- Data items:
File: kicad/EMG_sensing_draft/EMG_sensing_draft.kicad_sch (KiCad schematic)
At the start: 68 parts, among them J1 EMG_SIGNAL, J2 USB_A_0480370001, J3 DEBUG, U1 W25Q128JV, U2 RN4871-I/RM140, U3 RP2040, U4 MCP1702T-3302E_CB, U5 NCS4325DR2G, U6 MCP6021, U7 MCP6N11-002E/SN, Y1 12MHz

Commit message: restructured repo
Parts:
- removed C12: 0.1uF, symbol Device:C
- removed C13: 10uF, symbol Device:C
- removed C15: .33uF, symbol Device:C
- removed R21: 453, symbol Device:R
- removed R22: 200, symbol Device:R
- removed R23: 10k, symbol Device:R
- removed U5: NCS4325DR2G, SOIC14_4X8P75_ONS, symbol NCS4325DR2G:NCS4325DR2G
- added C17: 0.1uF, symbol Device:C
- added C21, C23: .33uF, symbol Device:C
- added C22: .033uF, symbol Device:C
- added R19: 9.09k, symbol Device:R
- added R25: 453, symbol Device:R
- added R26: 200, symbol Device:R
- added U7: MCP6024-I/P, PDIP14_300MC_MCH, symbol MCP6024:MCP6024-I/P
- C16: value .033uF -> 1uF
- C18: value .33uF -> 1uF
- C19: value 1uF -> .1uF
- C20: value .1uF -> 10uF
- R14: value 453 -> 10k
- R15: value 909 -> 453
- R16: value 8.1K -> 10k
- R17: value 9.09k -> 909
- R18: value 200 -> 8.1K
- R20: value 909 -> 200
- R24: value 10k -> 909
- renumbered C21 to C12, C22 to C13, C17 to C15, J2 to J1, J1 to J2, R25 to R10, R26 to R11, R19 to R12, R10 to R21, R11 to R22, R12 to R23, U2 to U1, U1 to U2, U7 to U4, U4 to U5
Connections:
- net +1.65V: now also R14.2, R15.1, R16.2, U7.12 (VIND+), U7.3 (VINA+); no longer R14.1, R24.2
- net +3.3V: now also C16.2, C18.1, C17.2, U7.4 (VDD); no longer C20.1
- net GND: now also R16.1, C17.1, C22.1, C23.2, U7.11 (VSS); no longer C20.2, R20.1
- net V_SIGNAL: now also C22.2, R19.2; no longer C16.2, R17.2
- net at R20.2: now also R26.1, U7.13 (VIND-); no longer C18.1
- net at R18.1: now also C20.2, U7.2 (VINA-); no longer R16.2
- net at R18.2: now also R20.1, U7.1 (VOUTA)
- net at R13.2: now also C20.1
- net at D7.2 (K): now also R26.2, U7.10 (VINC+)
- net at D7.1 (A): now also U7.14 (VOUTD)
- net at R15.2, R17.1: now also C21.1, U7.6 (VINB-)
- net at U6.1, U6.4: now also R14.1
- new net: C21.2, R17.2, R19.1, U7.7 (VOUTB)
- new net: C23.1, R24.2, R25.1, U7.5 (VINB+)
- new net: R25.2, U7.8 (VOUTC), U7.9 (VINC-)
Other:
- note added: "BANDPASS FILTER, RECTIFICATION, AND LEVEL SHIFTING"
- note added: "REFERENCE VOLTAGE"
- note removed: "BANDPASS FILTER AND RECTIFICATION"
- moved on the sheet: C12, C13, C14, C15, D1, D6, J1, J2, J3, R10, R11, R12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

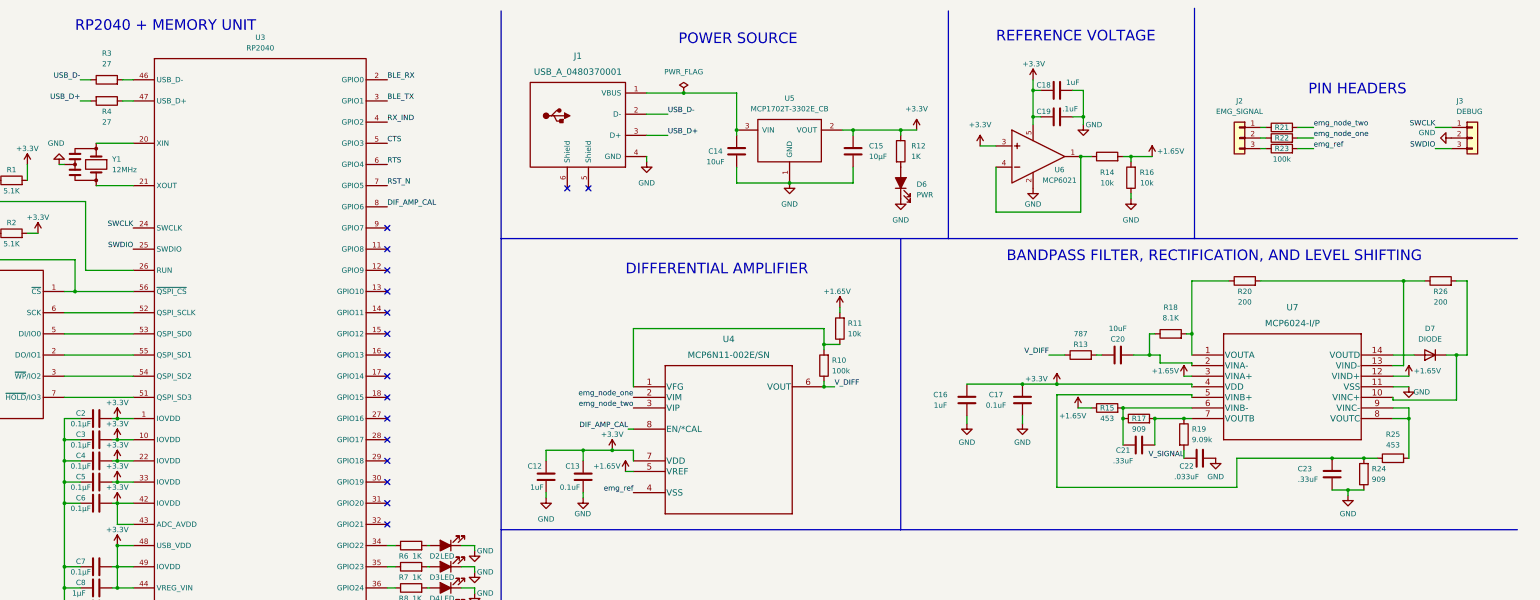
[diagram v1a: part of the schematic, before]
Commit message: fixed mcp6024 schematic symbol
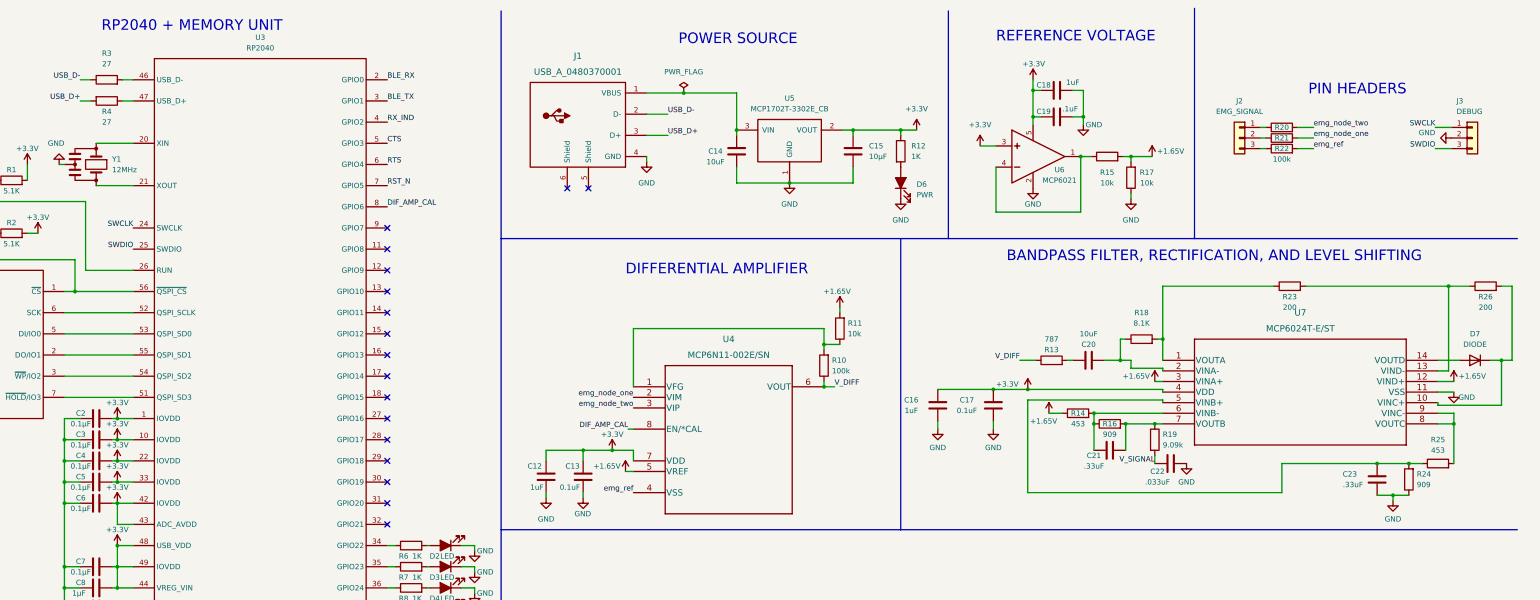
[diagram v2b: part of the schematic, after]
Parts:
- removed R15: 453, symbol Device:R
- removed R17: 909, symbol Device:R
- removed R20: 200, symbol Device:R
- removed U7: MCP6024-I/P, PDIP14_300MC_MCH, symbol MCP6024:MCP6024-I/P
- added R14: 453, symbol Device:R
- added R16: 909, symbol Device:R
- added R23: 200, symbol Device:R
- added U7: MCP6024T-E/ST, TSSOP14_MC_MCH, symbol MCP6024:MCP6024T-E/ST
- R20: renamed from R21; value R -> 100k
- R21: renamed from R22; value R -> 100k
- renumbered R14 to R15, R16 to R17, R23 to R22
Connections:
- net +1.65V: now also R14.1, U7.12 (VIND+), U7.3 (VINA+)
- net +3.3V: now also U7.4 (VDD)
- net GND: now also U7.11 (VSS)
- net at C20.2, R18.1: now also U7.2 (VINA-)
- net at R18.2: now also R23.1, U7.1 (VOUTA)
- net at C21.1: now also R14.2, R16.1, U7.6 (VINB-)
- net at C21.2, R19.1: now also R16.2, U7.7 (VOUTB)
- net at D7.2 (K), R26.2: now also U7.10 (VINC+)
- net at R26.1: now also R23.2, U7.13 (VIND-)
- net at D7.1 (A): now also U7.14 (VOUTD)
- net at C23.1, R24.2, R25.1: now also U7.5 (VINB+)
- net at R25.2: now also U7.8 (VOUTC), U7.9 (VINC-)

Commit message: added digital potentiometer
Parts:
- removed R11: 10k, symbol Device:R
- added U?: ISL90462WIH627Z-TKCT-ND, SOT23-6_INR, symbol ISL90462WIH627Z-TKCT-ND:ISL90462WIH627Z-TKCT-ND
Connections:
- net +1.65V: now also U?.6 (RH)
- net +3.3V: now also U?.1 (VDD)
- net GND: now also U?.2 (GND)
- net POT_CHANGE: now reaches U3.11 (GPIO8)
- net POT_CHANGE: now also U?.3 (U/*D)
- net POT_CS: now reaches U3.9 (GPIO7)
- net POT_CS: now also U?.4 (*CS)
- net at R10.2, U4.1 (VFG): now also U?.5 (RW)
- no-connect marks 25 -> 23
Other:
- moved on the sheet: C12, C13, D1, R10, R5, U1, U4

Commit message: linked schematic symbols to footprints
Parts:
- C1: renamed from C12; footprint (none) -> Capacitor_SMD:C_0603_1608Metric
- C10: renamed from C8; value 1µF -> 1uF; footprint Capacitor_SMD:C_0402_1005Metric -> Capacitor_SMD:C_0603_1608Metric
- C11: renamed from C9; value 1µF -> 1uF; footprint Capacitor_SMD:C_0402_1005Metric -> Capacitor_SMD:C_0603_1608Metric
- C12: renamed from C10; value 0.1µF -> 0.1uF; footprint Capacitor_SMD:C_0402_1005Metric -> Capacitor_SMD:C_0603_1608Metric
- C13: renamed from C11; value 0.1µF -> 0.1uF; footprint Capacitor_SMD:C_0402_1005Metric -> Capacitor_SMD:C_0603_1608Metric
- C14, C16, C17, C18, C19, C20, C21, C22, C23: footprint (none) -> Capacitor_SMD:C_0603_1608Metric
- C15: value 10µF -> 10uF
- C2: renamed from C1; value 0.1µF -> 0.1uF; footprint Resistor_SMD:R_0402_1005Metric -> Capacitor_SMD:C_0603_1608Metric
- C3: renamed from C13; footprint (none) -> Capacitor_SMD:C_0603_1608Metric
- C4: renamed from C2; value 0.1µF -> 0.1uF; footprint Capacitor_SMD:C_0402_1005Metric -> Capacitor_SMD:C_0603_1608Metric
- C5: renamed from C3; value 0.1µF -> 0.1uF; footprint Capacitor_SMD:C_0402_1005Metric -> Capacitor_SMD:C_0603_1608Metric
- C6: renamed from C4; value 0.1µF -> 0.1uF; footprint Capacitor_SMD:C_0402_1005Metric -> Capacitor_SMD:C_0603_1608Metric
- C7: renamed from C5; value 0.1µF -> 0.1uF; footprint Capacitor_SMD:C_0402_1005Metric -> Capacitor_SMD:C_0603_1608Metric
- C8: renamed from C6; value 0.1µF -> 0.1uF; footprint Capacitor_SMD:C_0402_1005Metric -> Capacitor_SMD:C_0603_1608Metric
- C9: renamed from C7; value 0.1µF -> 0.1uF; footprint Capacitor_SMD:C_0402_1005Metric -> Capacitor_SMD:C_0603_1608Metric
- D5: renamed from D1; footprint (none) -> LED_SMD:LED_0805_2012Metric
- J1: footprint (none) -> Eclectronics:USB_A_0480370001
- J2: footprint (none) -> Connector_PinHeader_2.54mm:PinHeader_1x03_P2.54mm_Vertical
- R1, R2: value 5.1K -> 5.1k; footprint Resistor_SMD:R_0402_1005Metric -> Resistor_SMD:R_0603_1608Metric
- R10: renamed from R5; footprint (none) -> Resistor_SMD:R_0603_1608Metric
- R11: renamed from R12; value 1K -> 1k; footprint Resistor_SMD:R_0402_1005Metric -> Resistor_SMD:R_0603_1608Metric
- R12: renamed from R13; footprint (none) -> Resistor_SMD:R_0603_1608Metric
- R13: renamed from R14; footprint (none) -> Resistor_SMD:R_0603_1608Metric
- R14: renamed from R15; footprint (none) -> Resistor_SMD:R_0603_1608Metric
- R15: renamed from R16; footprint (none) -> Resistor_SMD:R_0603_1608Metric
- R16: renamed from R17; footprint (none) -> Resistor_SMD:R_0603_1608Metric
- R17: renamed from R18; value 8.1K -> 8.1k; footprint (none) -> Resistor_SMD:R_0603_1608Metric
- R18: renamed from R19; footprint (none) -> Resistor_SMD:R_0603_1608Metric
- R19: renamed from R20; footprint (none) -> Resistor_SMD:R_0603_1608Metric
- R20: renamed from R21; footprint (none) -> Resistor_SMD:R_0603_1608Metric
- R21: renamed from R22; footprint (none) -> Resistor_SMD:R_0603_1608Metric
- R22: renamed from R23; footprint (none) -> Resistor_SMD:R_0603_1608Metric
- R23: renamed from R24; footprint (none) -> Resistor_SMD:R_0603_1608Metric
- R24: renamed from R25; footprint (none) -> Resistor_SMD:R_0603_1608Metric
- R25: renamed from R26; footprint (none) -> Resistor_SMD:R_0603_1608Metric
- R3, R4: footprint (none) -> Resistor_SMD:R_0603_1608Metric
- R5: renamed from R10; footprint (none) -> Resistor_SMD:R_0603_1608Metric
- R6, R7, R8, R9: value 1K -> 1k; footprint Resistor_SMD:R_0402_1005Metric -> Resistor_SMD:R_0603_1608Metric
- U1: renamed from U4; footprint SOIC8-N_MC_MCH -> MCP6N11:MCP6N11-002ESN
- U3: renamed from U?; footprint SOT23-6_INR -> ISL90462WIH627Z:ISL90462WIH627Z-TKCT-ND
- U4: renamed from U3; footprint (none) -> Eclectronics:RP2040
- U5: renamed from U1; footprint RN4871_MCH -> RN4871:RN4871
- U6: renamed from U5; footprint (none) -> Package_TO_SOT_SMD:SOT-23
- U7: renamed from U6; footprint (none) -> Package_TO_SOT_SMD:SOT-23-5
- U8: renamed from U7; footprint TSSOP14_MC_MCH -> MCP6024:MCP6024T
- renumbered D2 to D1, D3 to D2, D4 to D3, D5 to D4
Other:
- moved on the sheet: R22

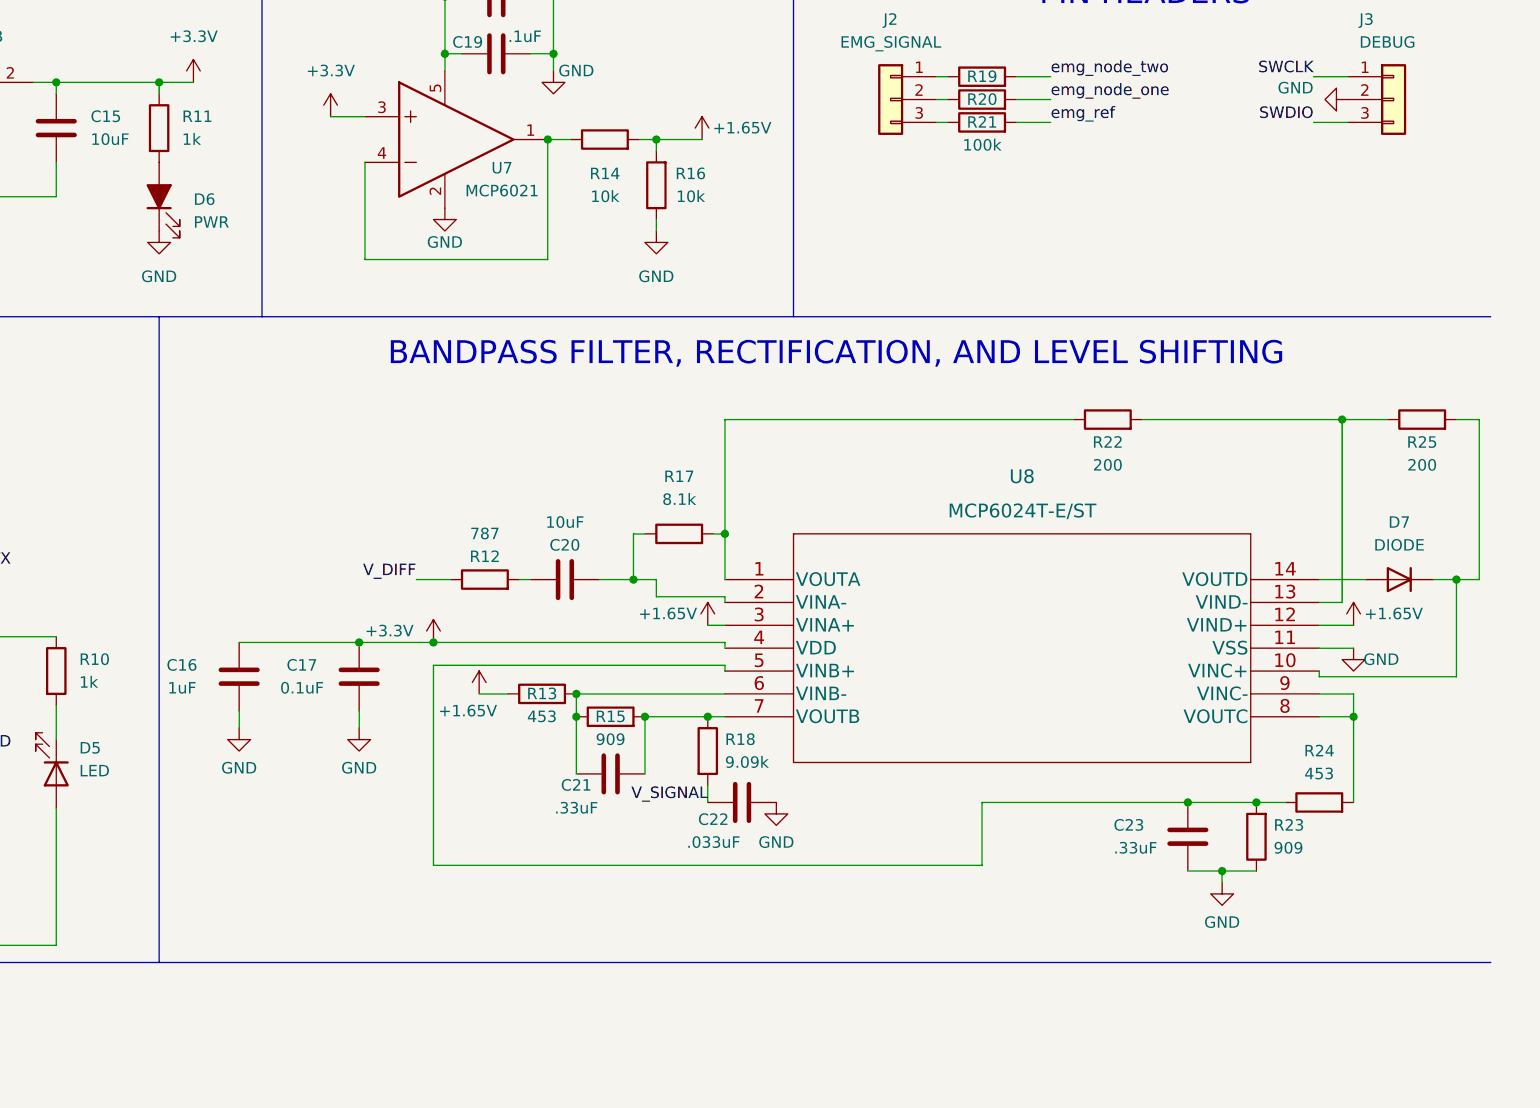
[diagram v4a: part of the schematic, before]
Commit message: fixed rectifier schematic
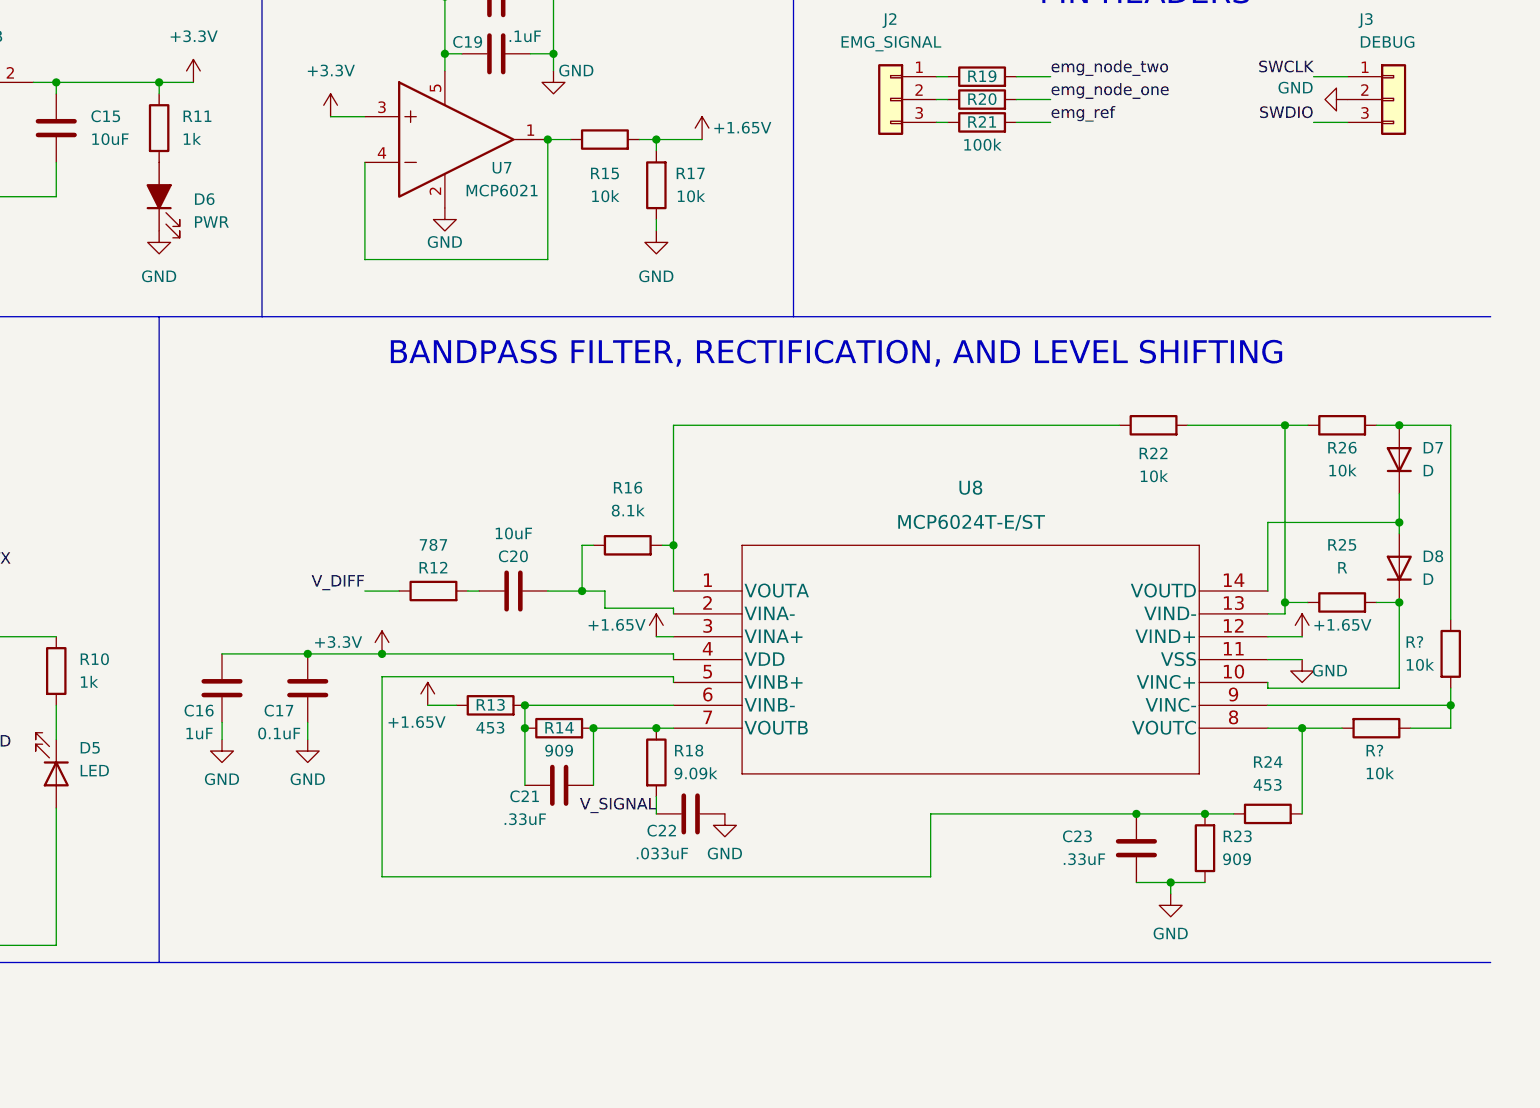
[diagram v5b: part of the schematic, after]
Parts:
- removed D7: DIODE, symbol Simulation_SPICE:DIODE
- added D7, D8: D, symbol Device:D
- added R26, R? (x2): 10k, symbol Device:R
- R22: value 200 -> 10k; footprint Resistor_SMD:R_0603_1608Metric -> (none)
- R25: value 200 -> R; footprint Resistor_SMD:R_0603_1608Metric -> (none)
- renumbered R15 to R14, R14 to R15, R17 to R16, R16 to R17
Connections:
- net at R24.2, U8.8 (VOUTC): now also R?.2; no longer U8.9 (VINC-)
- net at U8.14 (VOUTD): now also D7.1 (K), D8.2 (A)
- net at R25.2, U8.10 (VINC+): now also D8.1 (K)
- net at R22.2, R25.1, U8.13 (VIND-): now also R26.1
- new net: D7.2 (A), R26.2, R?.1
- new net: R?.1, R?.2, U8.9 (VINC-)
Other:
- moved on the sheet: C16, C17, C20, C21, C22, C23, R12, R13, R14, R16, R18, R23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

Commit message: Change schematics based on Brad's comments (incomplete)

- EXERCISE PROMPT:
In the entries above, the lines between the one holding "- net at C21.1: now" and the one holding "- C15: value 10µF -> 10uF", inclusive, are to be printed exactly as written, and those alone.

- ANSWER TO THE EXERCISE:
- net at C21.1: now also R14.2, R16.1, U7.6 (VINB-)
- net at C21.2, R19.1: now also R16.2, U7.7 (VOUTB)
- net at D7.2 (K), R26.2: now also U7.10 (VINC+)
- net at R26.1: now also R23.2, U7.13 (VIND-)
- net at D7.1 (A): now also U7.14 (VOUTD)
- net at C23.1, R24.2, R25.1: now also U7.5 (VINB+)
- net at R25.2: now also U7.8 (VOUTC), U7.9 (VINC-)

Commit message: added digital potentiometer
Parts:
- removed R11: 10k, symbol Device:R
- added U?: ISL90462WIH627Z-TKCT-ND, SOT23-6_INR, symbol ISL90462WIH627Z-TKCT-ND:ISL90462WIH627Z-TKCT-ND
Connections:
- net +1.65V: now also U?.6 (RH)
- net +3.3V: now also U?.1 (VDD)
- net GND: now also U?.2 (GND)
- net POT_CHANGE: now reaches U3.11 (GPIO8)
- net POT_CHANGE: now also U?.3 (U/*D)
- net POT_CS: now reaches U3.9 (GPIO7)
- net POT_CS: now also U?.4 (*CS)
- net at R10.2, U4.1 (VFG): now also U?.5 (RW)
- no-connect marks 25 -> 23
Other:
- moved on the sheet: C12, C13, D1, R10, R5, U1, U4

Commit message: linked schematic symbols to footprints
Parts:
- C1: renamed from C12; footprint (none) -> Capacitor_SMD:C_0603_1608Metric
- C10: renamed from C8; value 1µF -> 1uF; footprint Capacitor_SMD:C_0402_1005Metric -> Capacitor_SMD:C_0603_1608Metric
- C11: renamed from C9; value 1µF -> 1uF; footprint Capacitor_SMD:C_0402_1005Metric -> Capacitor_SMD:C_0603_1608Metric
- C12: renamed from C10; value 0.1µF -> 0.1uF; footprint Capacitor_SMD:C_0402_1005Metric -> Capacitor_SMD:C_0603_1608Metric
- C13: renamed from C11; value 0.1µF -> 0.1uF; footprint Capacitor_SMD:C_0402_1005Metric -> Capacitor_SMD:C_0603_1608Metric
- C14, C16, C17, C18, C19, C20, C21, C22, C23: footprint (none) -> Capacitor_SMD:C_0603_1608Metric
- C15: value 10µF -> 10uF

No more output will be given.